**TASK DATA:**
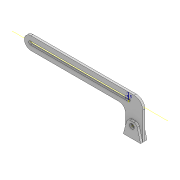
# Autodesk Inventor part: Bancada
Saved by Autodesk Inventor 2021 (Build 250183000, 183)
## iProperties
Created: 2021-07-04
Part Number: Bancada
Material: Generic
Document SubType Name: Modeling
Designer: Santiago
Density: 1 g/cm^3
Appearance: Default
Author: Santiago
Autodesk Inventor part; units mm, degrees
ref_plane "YZ Plane" through (0, 0, 0) normal (1, 0, 0) x (0, 1, 0)
ref_plane "XZ Plane" through (0, 0, 0) normal (0, 1, 0) x (-1, 0, 0)
ref_plane "XY Plane" through (0, 0, 0) normal (0, 0, 1) x (1, 0, 0)
sketch "Sketch1" plane through (0, 0, 0) normal (0, 0, 1) x (1, 0, 0)
  line L0 (0, 0) -> (20, 0)
  line L1 (0, 0) -> (-20, 0)
  line L2 (-20, 0) -> (-12.2354, 28.9778)
  line L3 (0, 0) -> (0, 49.8144) construction
  line L4 (20, 0) -> (12.2354, 28.9778)
  line L5 (-4.508, 34.9072) -> (4.508, 34.9072)
  arc A0 (-4.508, 34.9072) -> (-12.2354, 28.9778) centre (-4.508, 26.9072) ccw
  arc A1 (12.2354, 28.9778) -> (4.508, 34.9072) centre (4.508, 26.9072) ccw
  circle A2 centre (0, 24.9072) radius 5.6106
  line L6 (0, 24.9072) -> (0, 69.9072) construction
  line L7 (0, 69.9072) -> (-240.8319, 69.9072) construction
  line L8 (-240.8319, 69.9072) -> (0, 24.9072) construction
  point P0 (-10.6466, 34.9072)
  point P1 (10.6466, 34.9072)
  dimension "d0" = 20
  dimension "d1" = 20
  dimension "d2" = 75
  dimension "d3" = 8
  dimension "d4" = 8
  dimension "d8" = 30
  dimension "d16" = 45
  dimension "d17" = 10
  dimension "d18" = 245
  constraints: 18 end point, 5 point on line, 4 horizontal, 4 point on circle, 4 tangent, 3 centre point, 1 midpoint, 1 symmetric about line, 1 vertical
  measures "d0" distance of L0.start L0.end
  measures "d1" distance of L0.start L1.end
  measures "d2" angle of L1 L2
  measures "d3" radius of A0
  measures "d4" radius of A1
  measures "d8" distance of L1.end L2.end
  measures "d16" distance of L6.start L6.end
  measures "d17" distance from line of L6.start L5
  measures "d18" distance of L7.end L6.start
extrude "Extrusion2" add sketch "Sketch1" along normal blind 15
sketch "Sketch3" plane through (-4.508, 34.9072, 0) normal (0, 1, 0) x (1, 0, 0)
  line L0 (-15.492, -15) -> (24.508, -15) projected
  line L1 (4.508, -15) -> (4.508, 0)
  line L2 (4.508, 0) -> (4.508, -7.5)
  line L3 (24.508, 0) -> (24.508, -15) projected
  line L4 (-15.492, -5) -> (24.508, -5)
  line L5 (24.508, -5) -> (24.508, -10)
  line L6 (24.508, -10) -> (-15.492, -10)
  line L7 (-15.492, -10) -> (-15.492, -5)
  line L8 (-15.492, -5) -> (24.508, -10) construction
  line L9 (24.508, -5) -> (-15.492, -10) construction
  point P0 (24.508, -5)
  dimension "d11" = 5
  constraints: 16 end point, 4 midpoint, 2 parallel, 1 horizontal, 1 perpendicular, 1 point on line, 1 vertical
  measures "d11" distance of L4.end L5.end
extrude "Extrusion3" add sketch "Sketch3" along normal blind 50 and the other way blind 34.907 contours L6 L7 L4 L1 | L1 L4 L3 L6
sketch "Sketch6" plane through (-20, 0.0002, 10) normal (-1, 0, 0) x (0, 0, 1)
  line L0 (0, 0) -> (0, 84.907) projected
  line L1 (-5, 54.907) -> (0, 54.907)
  line L2 (0, 54.907) -> (0, 84.907)
  line L3 (0, 84.907) -> (-5, 84.907)
  line L4 (-5, 84.907) -> (-5, 54.907)
  line L5 (-5, 54.907) -> (0, 84.907) construction
  line L6 (0, 54.907) -> (-5, 84.907) construction
  point P0 (-10, -0.0002)
  point P1 (-2.5, 69.907)
  point P2 (0, 54.907)
  dimension "d19" = 30
  constraints: 12 end point, 2 midpoint, 2 parallel, 1 horizontal, 1 perpendicular
  measures "d19" distance of L3.end L1.start
extrude "Extrusion4" add sketch "Sketch6" along normal blind 235
fillet "Fillet1" radius 20 1 edges at (20, 84.9072, 7.5)
sketch "Sketch7" plane through (4.508, 34.9072, 5) normal (0, 0, -1) x (-1, 0, 0)
  line L0 (4.508, 35) -> (245.3399, 35) construction
  line L1 (245.3399, 35) -> (17.4625, 35) construction
  line L2 (245.3399, 39) -> (17.4625, 39)
  line L3 (17.4625, 31) -> (245.3399, 31)
  arc A0 (245.3399, 31) -> (245.3399, 39) centre (245.3399, 35) ccw
  arc A1 (17.4625, 39) -> (17.4625, 31) centre (17.4625, 35) ccw
  point P0 (4.508, -34.9072)
  point P1 (131.4012, 35)
  dimension "d25" = 8
  constraints: 8 end point, 4 point on circle, 4 tangent, 2 centre point, 1 midpoint, 1 parallel, 1 point on line
  measures "d25" diameter of A1
fillet "Fillet4" radius 15 2 edges at (-255, 84.9072, 7.5) (-255, 54.9072, 7.5)
fillet "Fillet5" radius 15 1 edges at (-20, 54.9072, 7.5)
extrude "Extrusion5" cut sketch "Sketch7" against normal blind 5
hole "Hole1" at (0, 24.9072, 0) direction (0, 0, 1) diameter 8 end through all
sketch "Sketch8" plane through (0, 0, 15) normal (0, 0, 1) x (1, 0, 0)
  circle A0 centre (0, 24.9072) radius 4 projected
  line L0 (0, 24.9072) -> (0, 69.9072)
  line L1 (-12.9545, 65.9072) -> (-240.8319, 65.9072) projected
  line L2 (0, 24.9072) -> (45, 24.9072) construction
  circle A1 centre (0, 24.9072) radius 5.6106 projected
  arc A2 (-240.8319, 73.9072) -> (-240.8319, 65.9072) centre (-240.8319, 69.9072) ccw projected
  line L3 (0, 24.9072) -> (-240.8319, 69.9072)
  line L4 (-240.8319, 69.9072) -> (0, 69.9072)
  point P0 (0, 0)
  dimension "d37" = 45
  dimension "d38" = 90
  constraints: 8 end point, 2 perpendicular, 1 horizontal
  measures "d37" distance of L0.start L0.end
  measures "d38" angle of L2 L0
ref_plane "Work Plane1" through (-12.953, 0.0002, 10) normal (1, 0, 0) x (0, 0, -1)
sketch "Sketch9" plane through (-12.953, 0.0002, 10) normal (1, 0, 0) x (0, 0, -1)
  line L0 (0, 64.907) -> (0, 84.907) projected
  line L1 (0, 84.907) -> (0, 69.907)
  line L2 (0, 69.907) -> (2.5, 69.907)
  point P0 (10, -0.0002)
  dimension "d40" = 15
  dimension "d41" = 2.5
  constraints: 4 end point, 1 horizontal, 1 point on line
  measures "d40" distance of L0.end L1.end
  measures "d41" distance of L1.end L2.end
body "Solid2"

**TO DO:** Could you return exactly the lines above from the line with "line L2 (-20, 0) -> (-12.2354, 28.9778)" to the line with "point P1 (10.6466, 34.9072)", both included, and nothing else?

**RESULT OF THIS TASK:**
  line L2 (-20, 0) -> (-12.2354, 28.9778)
  line L3 (0, 0) -> (0, 49.8144) construction
  line L4 (20, 0) -> (12.2354, 28.9778)
  line L5 (-4.508, 34.9072) -> (4.508, 34.9072)
  arc A0 (-4.508, 34.9072) -> (-12.2354, 28.9778) centre (-4.508, 26.9072) ccw
  arc A1 (12.2354, 28.9778) -> (4.508, 34.9072) centre (4.508, 26.9072) ccw
  circle A2 centre (0, 24.9072) radius 5.6106
  line L6 (0, 24.9072) -> (0, 69.9072) construction
  line L7 (0, 69.9072) -> (-240.8319, 69.9072) construction
  line L8 (-240.8319, 69.9072) -> (0, 24.9072) construction
  point P0 (-10.6466, 34.9072)
  point P1 (10.6466, 34.9072)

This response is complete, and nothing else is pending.